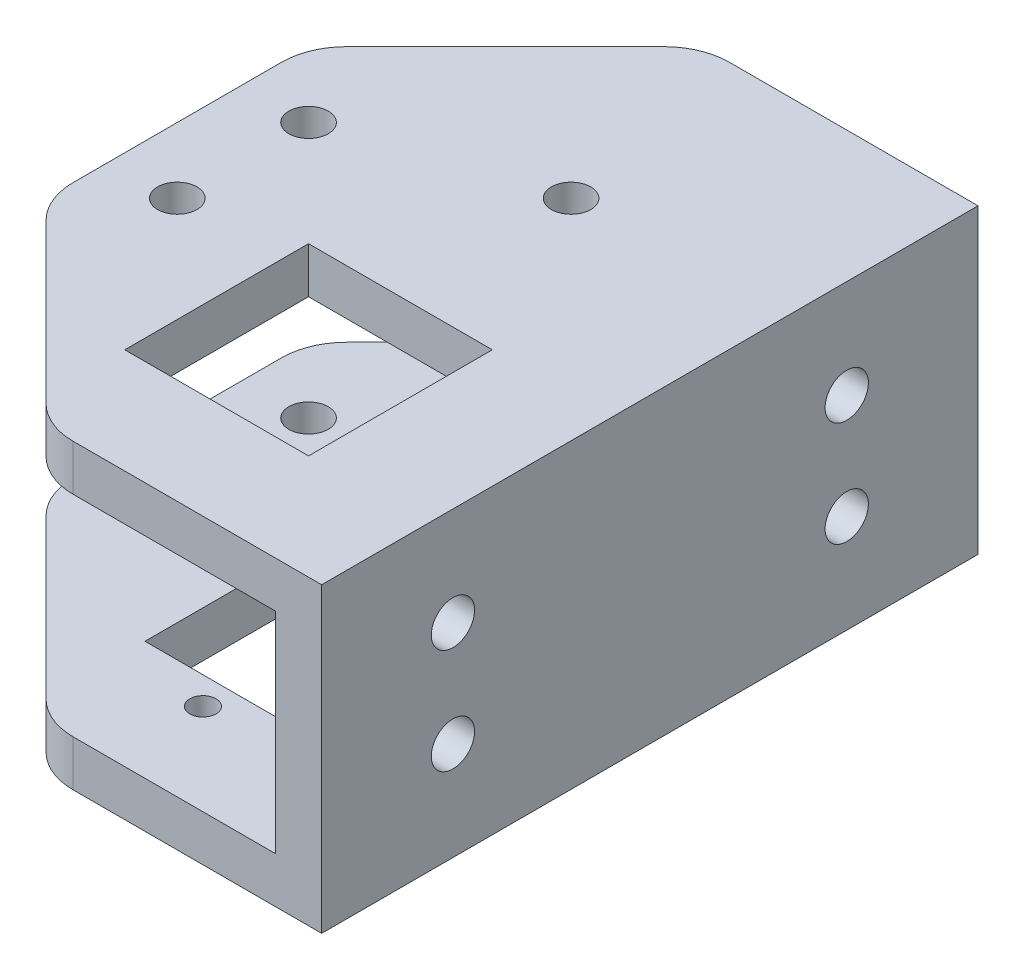
SolidWorks part; units mm, degrees
ref_plane "前视基准面" through (0, 0, 0) normal (0, 0, 1) x (1, 0, 0)
ref_plane "上视基准面" through (0, 0, 0) normal (0, 1, 0) x (1, 0, 0)
ref_plane "右视基准面" through (0, 0, 0) normal (1, 0, 0) x (0, 0, -1)
sketch "草图1" plane through (0, 0, 0) normal (0, 0, 1) x (1, 0, 0)
  line L0 (-45, 11.5) -> (0, 11.5)
  line L1 (0, 11.5) -> (0, -11.5)
  line L2 (0, -11.5) -> (-45, -11.5)
  line L3 (-45, 8) -> (-3.5, 8)
  line L4 (-3.5, 8) -> (-3.5, -8)
  line L5 (-3.5, -8) -> (-45, -8)
  line L6 (-45, 11.5) -> (-45, 8)
  line L7 (-45, -8) -> (-45, -11.5)
  dimension "D1" = 3.5
  dimension "D2" = 23
  dimension "D3" = 45
extrude "凸台-拉伸1" add sketch "草图1" along normal blind 50
sketch "草图2" plane through (0, -11.5, 0) normal (0, -1, 0) x (1, 0, 0)
  line L0 (0, 50) -> (0, 0) construction
  line L1 (-16, 25) -> (-40.6813, 25) construction
  line L2 (-16, 35) -> (-16, 50) construction
  line L3 (-45, 50) -> (0, 50) construction
  line L4 (-16, 15) -> (-16, 0) construction
  line L5 (-45, 0) -> (0, 0) construction
  circle A0 centre (-16, 35) radius 10 construction
  circle A1 centre (-16, 15) radius 10 construction
  circle A2 centre (-16, 35) radius 1.5
  circle A3 centre (-16, 15) radius 1.5
  circle A4 centre (-31, 30) radius 1.5
  circle A5 centre (-31, 20) radius 1.5
  dimension "D1" = 20
  dimension "D3" = 3
  dimension "D4" = 3
  dimension "D2" = 16
  dimension "D5" = 5
  dimension "D6" = 15
extrude "切除-拉伸1" cut sketch "草图2" against normal blind 70 from surface starting at face at (-24.25, 8, 25)
sketch "草图3" plane through (0, -11.5, 0) normal (0, -1, 0) x (1, 0, 0)
  line L0 (-21, 0) -> (-36, 15)
  line L1 (-45, 0) -> (0, 0) construction
  line L2 (-36, 15) -> (-36, 35)
  line L3 (-36, 35) -> (-21, 50)
  line L4 (-45, 50) -> (0, 50) construction
  line L6 (-40.6813, 25) -> (-23.9708, 25) construction
  line L7 (-21, 0) -> (0, 0)
  line L8 (0, 0) -> (0, 50)
  line L9 (0, 50) -> (-21, 50)
  dimension "D1" = 20
  dimension "D2" = 15
  dimension "D3" = 21
extrude "切除-拉伸2" cut sketch "草图3" against normal blind 70 flip side to cut
extrude "切除-拉伸4" cut sketch "草图2<3>" against normal blind 10 contours A4 | A5
sketch "草图2<3>" plane through (0, -11.5, 0) normal (0, -1, 0) x (1, 0, 0) same geometry as "草图2"
sketch "草图4" plane through (0, 11.5, 0) normal (0, 1, 0) x (1, 0, 0)
  line L0 (-16, -15.375) -> (-16, -43.045) construction
  circle A0 centre (-16, -35) radius 1.5 construction
  circle A1 centre (-16, -35) radius 1.5 construction
  dimension "D1" = 19.625
  dimension "D2" = 8.045
sketch "草图5" plane through (0, -11.5, 0) normal (0, -1, 0) x (1, 0, 0)
  line L0 (-16, 15.375) -> (-16, 43.045) construction
  line L1 (-16, 15.375) -> (-16, 43.045) construction
  circle A0 centre (-16, 43.045) radius 1
  circle A1 centre (-16, 15.375) radius 1
  dimension "D1" = 2
extrude "切除-拉伸5" cut sketch "草图5" against normal blind 10
fillet "圆角1" radius 5 8 edges at (-36, -9.75, 15) (-36, -9.75, 35) (-36, 9.75, 35) (-36, 9.75, 15) (-21, -9.75, 0) (-21, 9.75, 0) (-21, -9.75, 50) (-21, 9.75, 50)
sketch "草图6" plane through (0, -11.5, 0) normal (0, -1, 0) x (1, 0, 0)
  line L0 (-16, 15.375) -> (-16, 43.045) construction
  line L2 (-9.5, 17.46) -> (-22.5, 17.46)
  line L3 (-9.5, 17.46) -> (-9.5, 40.96)
  line L4 (-9.5, 40.96) -> (-22.5, 40.96)
  line L5 (-22.5, 17.46) -> (-22.5, 40.96)
  line L6 (-9.5, 17.46) -> (-22.5, 40.96) construction
  line L7 (-9.5, 40.96) -> (-22.5, 17.46) construction
  circle A0 centre (-16, 43.045) radius 1 construction
  circle A1 centre (-16, 43.045) radius 1 construction
  circle A2 centre (-16, 15.375) radius 1 construction
  circle A3 centre (-16, 15.375) radius 1 construction
  point P6 (-16, 29.21)
  dimension "D1" = 23.5
  dimension "D2" = 13
extrude "切除-拉伸6" cut sketch "草图6" against normal blind 10
sketch "草图7" plane through (0, 0, 0) normal (1, 0, 0) x (0, 0, -1)
  line L0 (0, 0) -> (-54.0378, 0) construction
  line L1 (-50, -11.5) -> (-50, 11.5) construction
  line L2 (0, -11.5) -> (0, 11.5) construction
  circle A0 centre (-10, 4) radius 1.65
  circle A1 centre (-40, 4) radius 1.65
  circle A2 centre (-10, -4) radius 1.65
  circle A3 centre (-40, -4) radius 1.65
  dimension "D1" = 3.3
  dimension "D2" = 10
  dimension "D3" = 10
  dimension "D4" = 4
extrude "切除-拉伸7" cut sketch "草图7" against normal blind 10
sketch "草图8" plane through (0, 11.5, 0) normal (0, 1, 0) x (1, 0, 0)
  line L1 (-23, -42) -> (-9, -42)
  line L2 (-23, -42) -> (-23, -28)
  line L3 (-23, -28) -> (-9, -28)
  line L4 (-9, -42) -> (-9, -28)
  line L5 (-23, -42) -> (-9, -28) construction
  line L6 (-23, -28) -> (-9, -42) construction
  circle A0 centre (-16, -35) radius 1.5 construction
  circle A1 centre (-16, -35) radius 1.5 construction
  dimension "D1" = 14
extrude "切除-拉伸8" cut sketch "草图8" against normal blind 10
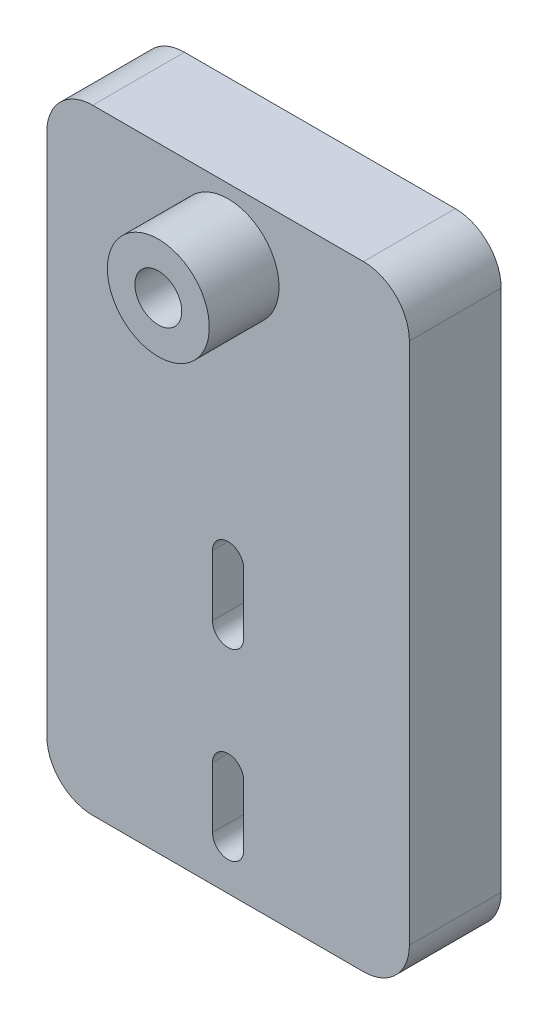
SolidWorks part; units mm, degrees
ref_plane "Front Plane" through (0, 0, 0) normal (0, 0, 1) x (1, 0, 0)
ref_plane "Top Plane" through (0, 0, 0) normal (0, 1, 0) x (1, 0, 0)
ref_plane "Right Plane" through (0, 0, 0) normal (1, 0, 0) x (0, 0, -1)
sketch "Sketch1" plane through (0, 0, 0) normal (0, 0, 1) x (1, 0, 0)
  line L0 (-19.75, 0) -> (0, 0) construction
  line L1 (14.75, -33.5) -> (-14.75, -33.5)
  line L2 (19.75, -28.5) -> (19.75, 28.5)
  line L3 (14.75, 33.5) -> (-14.75, 33.5)
  line L4 (-19.75, -28.5) -> (-19.75, 28.5)
  line L5 (0, 33.5) -> (0, 0) construction
  arc A0 (-14.75, -33.5) -> (-19.75, -28.5) centre (-14.75, -28.5) cw
  arc A1 (14.75, -33.5) -> (19.75, -28.5) centre (14.75, -28.5) ccw
  arc A2 (19.75, 28.5) -> (14.75, 33.5) centre (14.75, 28.5) ccw
  arc A3 (-14.75, 33.5) -> (-19.75, 28.5) centre (-14.75, 28.5) ccw
  circle A4 centre (0, 26.5) radius 2.55
  circle A9 centre (0, -25.29) radius 2.55 construction
  circle A10 centre (0, -5.29) radius 2.55 construction
  dimension "D2" = 5
  dimension "D3" = 7
  dimension "D5" = 20
  dimension "D4" = 5.1
  dimension "D6" = 8.21
  dimension "D1" = 67
  dimension "D9" = 39.5
extrude "Boss-Extrude1" add sketch "Sketch1" along normal blind 10
sketch "Sketch2" plane through (0, 0, 10) normal (0, 0, 1) x (1, 0, 0)
  circle A0 centre (0, 26.5) radius 5.55
  circle A1 centre (0, 26.5) radius 2.55
  circle A2 centre (0, 26.5) radius 2.55 construction
  dimension "D1" = 3
extrude "Boss-Extrude2" add sketch "Sketch2" along normal blind 7.6
sketch "Esquisse1" plane through (0, 0, 0) normal (0, 0, -1) x (-1, 0, 0)
  line L1 (2.4537, 22.25) -> (4.9075, 26.5)
  line L2 (4.9075, 26.5) -> (2.4537, 30.75)
  line L3 (2.4537, 30.75) -> (-2.4537, 30.75)
  line L4 (-2.4537, 30.75) -> (-4.9075, 26.5)
  line L5 (-4.9075, 26.5) -> (-2.4537, 22.25)
  line L6 (-2.4537, 22.25) -> (2.4537, 22.25)
  circle A0 centre (0, 26.5) radius 4.25 construction
  dimension "D1" = 8.5
extrude "Enlèv. mat.-Extru.1" cut sketch "Esquisse1" against normal blind 8
hole_wizard "Rainure de chambrage pour vis à tête ronde bombée M32" positions "Esquisse2" profile "Esquisse4" size "M3" standard "Ansi Metric" slot yes end condition through all
sketch "Esquisse2" plane through (0, 0, 0) normal (0, 0, -1) x (-1, 0, 0)
  line L0 (0, -10.29) -> (0, -0.29) construction
  point P0 (0, -5.29)
  point P3 (0, -25.29)
  dimension "D1" = 10
sketch "Esquisse4" plane through (0, -5.29, 0) normal (1, 0, 0) x (0, 1, 0)
  line L0 (0, 0) -> (0, 17.6)
  line L1 (0, 17.6) -> (1.7, 17.6)
  line L3 (1.7, 17.6) -> (1.7, 3)
  line L4 (1.7, 3) -> (3.5, 3)
  line L5 (3.5, 3) -> (3.5, 0)
  line L7 (3.5, 0) -> (0, 0)
  line L11 (0, -6.35) -> (0, 107.95) construction
  dimension "Diamètre du perçage jusqu'au prochain" = 3.4
  dimension "Profondeur du perçage jusqu'au prochain" = 17.6
  dimension "Diamètre du chambrage" = 7
  dimension "Profondeur du chambrage" = 3

------------------------------------------------

Copy only what runs above from the line containing "line L6 (-23, -28)" through the line containing "arc A2 (19.75, 28.5)", exactly. Leave out the pictures.

  line L6 (-23, -28) -> (-9, -42) construction
  circle A0 centre (-16, -35) radius 1.5 construction
  circle A1 centre (-16, -35) radius 1.5 construction
  dimension "D1" = 14
extrude "切除-拉伸8" cut sketch "草图8" against normal blind 10
SolidWorks part; units mm, degrees
ref_plane "Front Plane" through (0, 0, 0) normal (0, 0, 1) x (1, 0, 0)
ref_plane "Top Plane" through (0, 0, 0) normal (0, 1, 0) x (1, 0, 0)
ref_plane "Right Plane" through (0, 0, 0) normal (1, 0, 0) x (0, 0, -1)
sketch "Sketch1" plane through (0, 0, 0) normal (0, 0, 1) x (1, 0, 0)
  line L0 (-19.75, 0) -> (0, 0) construction
  line L1 (14.75, -33.5) -> (-14.75, -33.5)
  line L2 (19.75, -28.5) -> (19.75, 28.5)
  line L3 (14.75, 33.5) -> (-14.75, 33.5)
  line L4 (-19.75, -28.5) -> (-19.75, 28.5)
  line L5 (0, 33.5) -> (0, 0) construction
  arc A0 (-14.75, -33.5) -> (-19.75, -28.5) centre (-14.75, -28.5) cw
  arc A1 (14.75, -33.5) -> (19.75, -28.5) centre (14.75, -28.5) ccw
  arc A2 (19.75, 28.5) -> (14.75, 33.5) centre (14.75, 28.5) ccw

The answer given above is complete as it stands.